◆ Supplied data
————

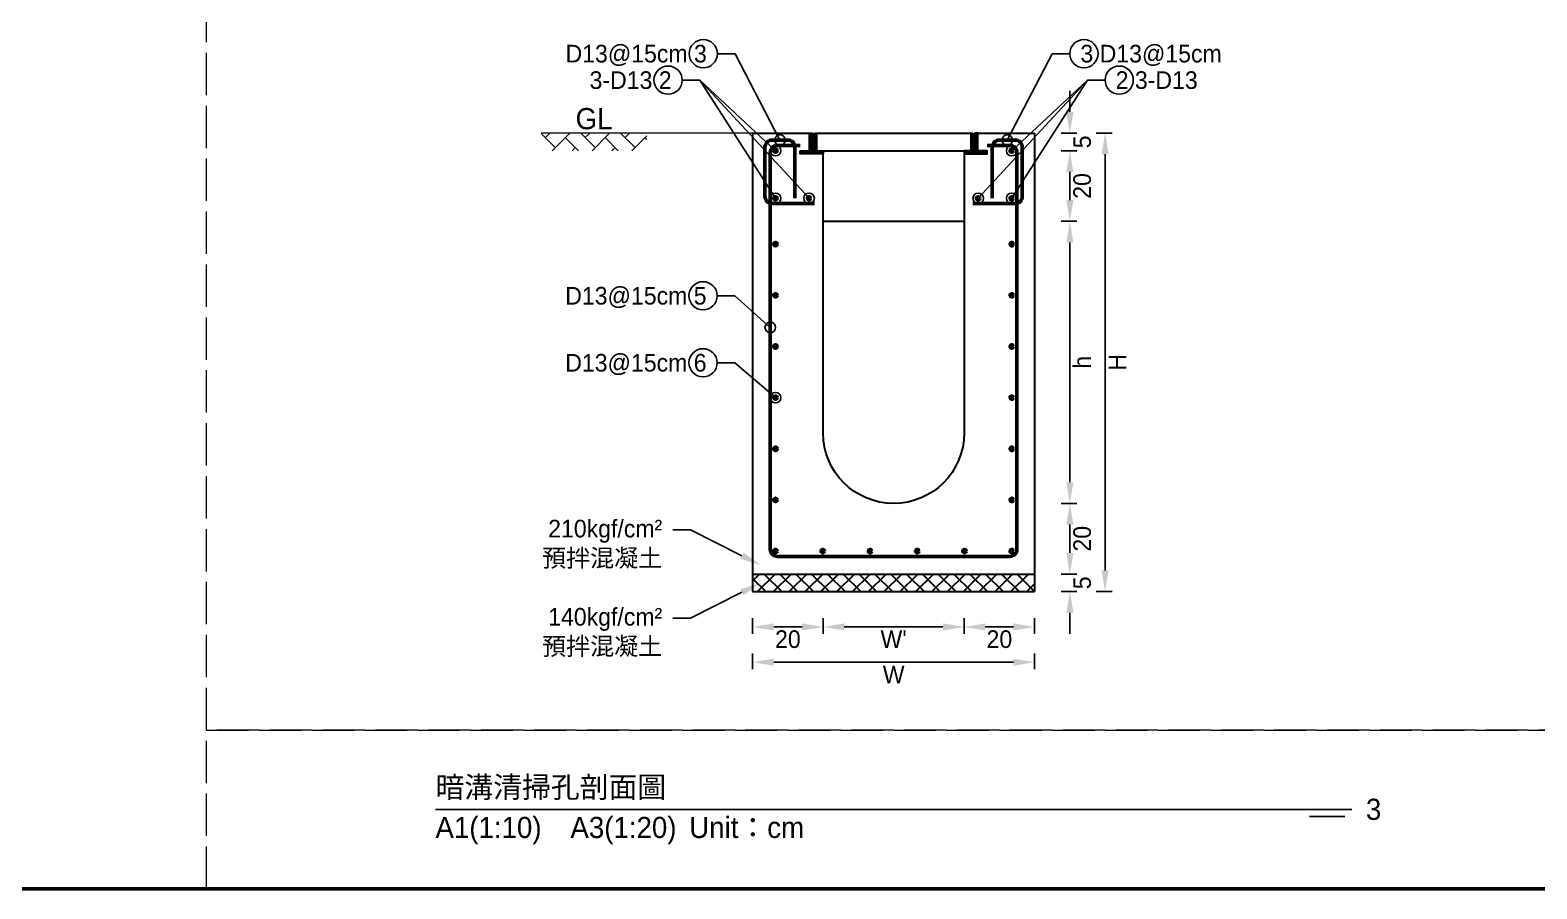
# Model space of a CAD drawing. Extents: x -7340 to 3675, y -3342 to 777.
# Drawn here: x -1710 to -1282.5, y -2021 to -1777.6 of the extents above; entities that cross this region are included whole.
import ezdxf
from ezdxf import colors
from ezdxf.entities.mleader import LeaderData, LeaderLine
from ezdxf.math import Vec2, Vec3

# ---------------------------------------------------------------- set-up
doc = ezdxf.new("R2010")
doc.units = 0
doc.header["$MEASUREMENT"] = 0
doc.linetypes.add('ACAD_ISO02W100', pattern=[15, 12, -3])
for name, color, linetype, lineweight in [('一、3.基本-變更', 1, 'Continuous', 50), ('二、2.繪圖-施作項目', 181, 'Continuous', 30), ('二、4.繪圖-設計鋪面', 40, 'Continuous', 20), ('二、5.繪圖-鋼筋', 60, 'Continuous', 50), ('二、6.繪圖-其他施作項目', 35, 'Continuous', 30)]:
    doc.layers.add(name, color=color, linetype=linetype, lineweight=lineweight)
doc.layers.add('一、4.基本-隱藏', color=9, linetype='ACAD_ISO02W100', lineweight=20, plot=False)
doc.layers.add('三、3.文字-註解文字', color=2, linetype='Continuous')
doc.styles.add('次圖名(詳圖)', font='MS PGothic.ttf', dxfattribs={"height": 6})
doc.styles.add('註解文字(詳圖)', font='MS PGothic.ttf', dxfattribs={"height": 5})
doc.dimstyles.new('註解文字(詳圖)', dxfattribs={"dimtxt": 5, "dimasz": 6, "dimexe": 2, "dimexo": 5, "dimgap": 1, "dimtad": 2, "dimzin": 0, "dimdsep": 46, "dimtxsty": '註解文字(詳圖)', "dimcen": 0.1, "dimclrd": 144, "dimclre": 144, "dimclrt": 256, "dimadec": 0, "dimazin": 0, "dimtfac": 1, "dimtofl": 0, "dimtmove": 0, "dimatfit": 3, "dimfxlon": 1, "dimtolj": 1, "dimtzin": 0, "dimlwd": -1, "dimlwe": -1, "dimarcsym": 1})

# ---------------------------------------------------------------- blocks, each defined once
blk = doc.blocks.new('_Small')
at = {"color": 0, "linetype": 'ByBlock', "lineweight": -2}
blk.add_circle((0, 0), 0.25, dxfattribs=at)
blk = doc.blocks.new('*D252')
at = {"layer": 'Defpoints', "color": 0, "transparency": 16777216}
for p in [(-1445, -1831.75), (-1465, -1911.75), (-1415, -1911.75)]:
    blk.add_point(p, dxfattribs=at)
at = {"layer": '三、3.文字-註解文字', "color": 144, "transparency": 16777216}
for p, q in [((-1417.5, -1831.75), (-1413, -1831.75)), ((-1415, -1837.75), (-1415, -1905.75)), ((-1417.5, -1911.75), (-1413, -1911.75))]:
    blk.add_line(p, q, dxfattribs=at)
for points in [[(-1416, -1837.75), (-1414, -1837.75), (-1415, -1831.75)], [(-1416, -1905.75), (-1414, -1905.75), (-1415, -1911.75)]]:
    blk.add_solid(points, dxfattribs=at)
at = {"layer": '三、3.文字-註解文字', "transparency": 16777216, "insert": (-1411.5, -1871.75), "char_height": 5, "attachment_point": 5, "rotation": 90, "style": '註解文字(詳圖)'}
blk.add_mtext('\\A1;h', dxfattribs=at)
blk = doc.blocks.new('*D253')
at = {"layer": 'Defpoints', "color": 0, "transparency": 16777216}
for p in [(-1465, -1911.75), (-1425, -1931.75), (-1415, -1931.75)]:
    blk.add_point(p, dxfattribs=at)
at = {"layer": '三、3.文字-註解文字', "color": 144, "transparency": 16777216}
for p, q in [((-1417.5, -1911.75), (-1413, -1911.75)), ((-1415, -1917.75), (-1415, -1925.75)), ((-1417.5, -1931.75), (-1413, -1931.75))]:
    blk.add_line(p, q, dxfattribs=at)
for points in [[(-1416, -1917.75), (-1414, -1917.75), (-1415, -1911.75)], [(-1416, -1925.75), (-1414, -1925.75), (-1415, -1931.75)]]:
    blk.add_solid(points, dxfattribs=at)
at = {"layer": '三、3.文字-註解文字', "transparency": 16777216, "insert": (-1411.5, -1921.75), "char_height": 5, "attachment_point": 5, "rotation": 90, "style": '註解文字(詳圖)'}
blk.add_mtext('\\A1;20', dxfattribs=at)
blk = doc.blocks.new('*D254')
at = {"layer": 'Defpoints', "color": 0, "transparency": 16777216}
for p in [(-1425, -1931.75), (-1425, -1936.75), (-1415, -1936.75)]:
    blk.add_point(p, dxfattribs=at)
at = {"layer": '三、3.文字-註解文字', "color": 144, "transparency": 16777216}
for p, q in [((-1415, -1925.75), (-1415, -1919.75)), ((-1417.5, -1931.75), (-1413, -1931.75)), ((-1417.5, -1936.75), (-1413, -1936.75)), ((-1415, -1942.75), (-1415, -1948.75))]:
    blk.add_line(p, q, dxfattribs=at)
for points in [[(-1416, -1925.75), (-1414, -1925.75), (-1415, -1931.75)], [(-1416, -1942.75), (-1414, -1942.75), (-1415, -1936.75)]]:
    blk.add_solid(points, dxfattribs=at)
at = {"layer": '三、3.文字-註解文字', "transparency": 16777216, "insert": (-1411.5, -1934.25), "char_height": 5, "attachment_point": 5, "rotation": 90, "style": '註解文字(詳圖)'}
blk.add_mtext('\\A1;5', dxfattribs=at)
blk = doc.blocks.new('*D255')
at = {"layer": 'Defpoints', "color": 0, "transparency": 16777216}
for p in [(-1425, -1806.75), (-1425, -1936.75), (-1405, -1936.75)]:
    blk.add_point(p, dxfattribs=at)
at = {"layer": '三、3.文字-註解文字', "color": 144, "transparency": 16777216}
for p, q in [((-1407.5, -1806.75), (-1403, -1806.75)), ((-1405, -1812.75), (-1405, -1930.75)), ((-1407.5, -1936.75), (-1403, -1936.75))]:
    blk.add_line(p, q, dxfattribs=at)
for points in [[(-1406, -1812.75), (-1404, -1812.75), (-1405, -1806.75)], [(-1406, -1930.75), (-1404, -1930.75), (-1405, -1936.75)]]:
    blk.add_solid(points, dxfattribs=at)
at = {"layer": '三、3.文字-註解文字', "transparency": 16777216, "insert": (-1401.5, -1871.75), "char_height": 5, "attachment_point": 5, "rotation": 90, "style": '註解文字(詳圖)'}
blk.add_mtext('\\A1;H', dxfattribs=at)
blk = doc.blocks.new('*D256')
at = {"layer": 'Defpoints', "color": 0, "transparency": 16777216}
for p in [(-1425, -1806.75), (-1425, -1811.75), (-1415, -1811.75)]:
    blk.add_point(p, dxfattribs=at)
at = {"layer": '三、3.文字-註解文字', "color": 144, "transparency": 16777216}
for p, q in [((-1415, -1800.75), (-1415, -1794.75)), ((-1417.5, -1806.75), (-1413, -1806.75)), ((-1417.5, -1811.75), (-1413, -1811.75)), ((-1415, -1817.75), (-1415, -1823.75))]:
    blk.add_line(p, q, dxfattribs=at)
for points in [[(-1416, -1800.75), (-1414, -1800.75), (-1415, -1806.75)], [(-1416, -1817.75), (-1414, -1817.75), (-1415, -1811.75)]]:
    blk.add_solid(points, dxfattribs=at)
at = {"layer": '三、3.文字-註解文字', "transparency": 16777216, "insert": (-1411.5, -1809.25), "char_height": 5, "attachment_point": 5, "rotation": 90, "style": '註解文字(詳圖)'}
blk.add_mtext('\\A1;5', dxfattribs=at)
blk = doc.blocks.new('*D257')
at = {"layer": 'Defpoints', "color": 0, "transparency": 16777216}
for p in [(-1425, -1811.75), (-1425, -1831.75), (-1415, -1831.75)]:
    blk.add_point(p, dxfattribs=at)
at = {"layer": '三、3.文字-註解文字', "color": 144, "transparency": 16777216}
for p, q in [((-1417.5, -1811.75), (-1413, -1811.75)), ((-1415, -1817.75), (-1415, -1825.75)), ((-1417.5, -1831.75), (-1413, -1831.75))]:
    blk.add_line(p, q, dxfattribs=at)
for points in [[(-1416, -1817.75), (-1414, -1817.75), (-1415, -1811.75)], [(-1416, -1825.75), (-1414, -1825.75), (-1415, -1831.75)]]:
    blk.add_solid(points, dxfattribs=at)
at = {"layer": '三、3.文字-註解文字', "transparency": 16777216, "insert": (-1411.5, -1821.75), "char_height": 5, "attachment_point": 5, "rotation": 90, "style": '註解文字(詳圖)'}
blk.add_mtext('\\A1;20', dxfattribs=at)
blk = doc.blocks.new('*D258')
at = {"layer": 'Defpoints', "color": 0, "transparency": 16777216}
for p in [(-1505, -1806.75), (-1485, -1811.75), (-1505, -1946.75)]:
    blk.add_point(p, dxfattribs=at)
at = {"layer": '三、3.文字-註解文字', "color": 144, "transparency": 16777216}
for p, q in [((-1505, -1944.25), (-1505, -1948.75)), ((-1485, -1944.25), (-1485, -1948.75)), ((-1491, -1946.75), (-1499, -1946.75))]:
    blk.add_line(p, q, dxfattribs=at)
for points in [[(-1499, -1945.75), (-1499, -1947.75), (-1505, -1946.75)], [(-1491, -1945.75), (-1491, -1947.75), (-1485, -1946.75)]]:
    blk.add_solid(points, dxfattribs=at)
at = {"layer": '三、3.文字-註解文字', "transparency": 16777216, "insert": (-1495, -1950.25), "char_height": 5, "attachment_point": 5, "style": '註解文字(詳圖)'}
blk.add_mtext('\\A1;20', dxfattribs=at)
blk = doc.blocks.new('*D259')
at = {"layer": 'Defpoints', "color": 0, "transparency": 16777216}
for p in [(-1485, -1811.75), (-1445, -1811.75), (-1445, -1946.75)]:
    blk.add_point(p, dxfattribs=at)
at = {"layer": '三、3.文字-註解文字', "color": 144, "transparency": 16777216}
for p, q in [((-1485, -1944.25), (-1485, -1948.75)), ((-1445, -1944.25), (-1445, -1948.75)), ((-1479, -1946.75), (-1451, -1946.75))]:
    blk.add_line(p, q, dxfattribs=at)
for points in [[(-1479, -1945.75), (-1479, -1947.75), (-1485, -1946.75)], [(-1451, -1945.75), (-1451, -1947.75), (-1445, -1946.75)]]:
    blk.add_solid(points, dxfattribs=at)
at = {"layer": '三、3.文字-註解文字', "transparency": 16777216, "insert": (-1465, -1950.25), "char_height": 5, "attachment_point": 5, "style": '註解文字(詳圖)'}
blk.add_mtext("\\A1;W'", dxfattribs=at)
blk = doc.blocks.new('*D260')
at = {"layer": 'Defpoints', "color": 0, "transparency": 16777216}
for p in [(-1425, -1806.75), (-1445, -1811.75), (-1425, -1946.75)]:
    blk.add_point(p, dxfattribs=at)
at = {"layer": '三、3.文字-註解文字', "color": 144, "transparency": 16777216}
for p, q in [((-1445, -1944.25), (-1445, -1948.75)), ((-1425, -1944.25), (-1425, -1948.75)), ((-1439, -1946.75), (-1431, -1946.75))]:
    blk.add_line(p, q, dxfattribs=at)
for points in [[(-1439, -1945.75), (-1439, -1947.75), (-1445, -1946.75)], [(-1431, -1945.75), (-1431, -1947.75), (-1425, -1946.75)]]:
    blk.add_solid(points, dxfattribs=at)
at = {"layer": '三、3.文字-註解文字', "transparency": 16777216, "insert": (-1435, -1950.25), "char_height": 5, "attachment_point": 5, "style": '註解文字(詳圖)'}
blk.add_mtext('\\A1;20', dxfattribs=at)
blk = doc.blocks.new('*D261')
at = {"layer": 'Defpoints', "color": 0, "transparency": 16777216}
for p in [(-1505, -1936.75), (-1425, -1936.75), (-1425, -1956.75)]:
    blk.add_point(p, dxfattribs=at)
at = {"layer": '三、3.文字-註解文字', "color": 144, "transparency": 16777216}
for p, q in [((-1505, -1954.25), (-1505, -1958.75)), ((-1499, -1956.75), (-1431, -1956.75)), ((-1425, -1954.25), (-1425, -1958.75))]:
    blk.add_line(p, q, dxfattribs=at)
for points in [[(-1499, -1955.75), (-1499, -1957.75), (-1505, -1956.75)], [(-1431, -1955.75), (-1431, -1957.75), (-1425, -1956.75)]]:
    blk.add_solid(points, dxfattribs=at)
at = {"layer": '三、3.文字-註解文字', "transparency": 16777216, "insert": (-1465, -1960.25), "char_height": 5, "attachment_point": 5, "style": '註解文字(詳圖)'}
blk.add_mtext('\\A1;W', dxfattribs=at)

msp = doc.modelspace()

# ---------------------------------------------------------------- hatches: boundary and pattern name
at = {"layer": '二、2.繪圖-施作項目'}
h = msp.add_hatch(dxfattribs=at)
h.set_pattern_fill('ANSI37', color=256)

————

◆ Aim of the exercise
Each line in the data that holds the string "entities" needs to be copied.

◆ Final answer
# Drawn here: x -1710 to -1282.5, y -2021 to -1777.6 of the extents above; entities that cross this region are included whole.
from ezdxf.entities.mleader import LeaderData, LeaderLine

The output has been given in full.